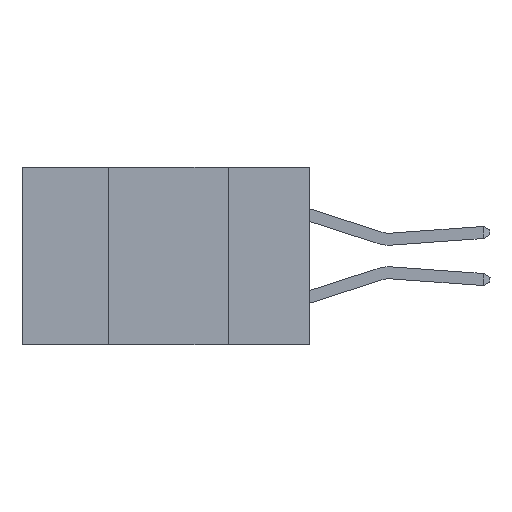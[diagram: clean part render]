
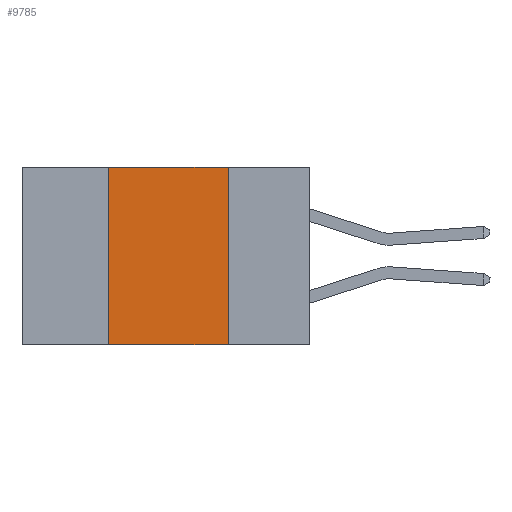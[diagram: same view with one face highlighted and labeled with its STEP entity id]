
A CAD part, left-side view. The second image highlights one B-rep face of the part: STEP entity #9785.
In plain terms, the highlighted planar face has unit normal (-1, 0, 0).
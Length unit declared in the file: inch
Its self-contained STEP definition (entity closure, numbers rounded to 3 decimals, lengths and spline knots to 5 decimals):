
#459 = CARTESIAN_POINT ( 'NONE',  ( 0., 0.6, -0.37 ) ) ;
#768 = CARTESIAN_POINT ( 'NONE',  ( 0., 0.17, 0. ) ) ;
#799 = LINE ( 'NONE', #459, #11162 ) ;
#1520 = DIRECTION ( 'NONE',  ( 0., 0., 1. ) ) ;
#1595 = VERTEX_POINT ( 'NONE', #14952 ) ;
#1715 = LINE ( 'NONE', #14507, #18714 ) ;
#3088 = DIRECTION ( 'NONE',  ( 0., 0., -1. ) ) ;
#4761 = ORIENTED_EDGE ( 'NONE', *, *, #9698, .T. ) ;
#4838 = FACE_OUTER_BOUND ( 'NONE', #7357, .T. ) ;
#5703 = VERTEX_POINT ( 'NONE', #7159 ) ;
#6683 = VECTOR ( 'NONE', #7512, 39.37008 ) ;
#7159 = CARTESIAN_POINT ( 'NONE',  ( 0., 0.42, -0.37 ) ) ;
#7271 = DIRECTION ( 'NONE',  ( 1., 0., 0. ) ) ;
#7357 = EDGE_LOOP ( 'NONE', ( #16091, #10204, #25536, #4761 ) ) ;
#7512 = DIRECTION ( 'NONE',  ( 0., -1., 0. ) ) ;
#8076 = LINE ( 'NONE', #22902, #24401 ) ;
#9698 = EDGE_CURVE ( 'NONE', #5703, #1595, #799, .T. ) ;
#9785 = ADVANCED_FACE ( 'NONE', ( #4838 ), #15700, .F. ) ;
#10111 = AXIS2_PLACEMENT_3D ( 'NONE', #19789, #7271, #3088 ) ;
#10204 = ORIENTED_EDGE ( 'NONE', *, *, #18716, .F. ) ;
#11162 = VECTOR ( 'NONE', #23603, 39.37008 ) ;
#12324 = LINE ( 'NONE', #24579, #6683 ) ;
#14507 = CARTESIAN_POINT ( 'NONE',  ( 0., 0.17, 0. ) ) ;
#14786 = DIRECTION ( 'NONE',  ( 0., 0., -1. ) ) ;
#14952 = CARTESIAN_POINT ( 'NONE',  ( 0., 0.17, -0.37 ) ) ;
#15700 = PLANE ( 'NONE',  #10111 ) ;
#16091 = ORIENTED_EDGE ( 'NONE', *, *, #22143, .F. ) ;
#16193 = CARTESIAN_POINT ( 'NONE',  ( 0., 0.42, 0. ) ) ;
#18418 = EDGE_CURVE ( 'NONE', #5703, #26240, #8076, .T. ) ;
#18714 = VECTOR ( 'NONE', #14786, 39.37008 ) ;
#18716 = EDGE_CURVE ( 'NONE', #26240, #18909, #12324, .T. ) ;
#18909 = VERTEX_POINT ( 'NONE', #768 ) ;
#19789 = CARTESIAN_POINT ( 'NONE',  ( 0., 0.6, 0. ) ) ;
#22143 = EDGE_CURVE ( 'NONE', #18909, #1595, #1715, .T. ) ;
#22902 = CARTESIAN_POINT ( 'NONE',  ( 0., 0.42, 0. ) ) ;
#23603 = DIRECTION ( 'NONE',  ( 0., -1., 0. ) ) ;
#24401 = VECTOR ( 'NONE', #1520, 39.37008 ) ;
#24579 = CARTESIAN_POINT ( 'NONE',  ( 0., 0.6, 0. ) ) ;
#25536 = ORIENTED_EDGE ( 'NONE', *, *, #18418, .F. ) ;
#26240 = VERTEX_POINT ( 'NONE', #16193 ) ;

^^^^

▶ _WORK REQUEST_:
Check the material above line by line, and give only the number of lines holding the string "DIRECTION".

▶ _FINISHED EXERCISE_:
6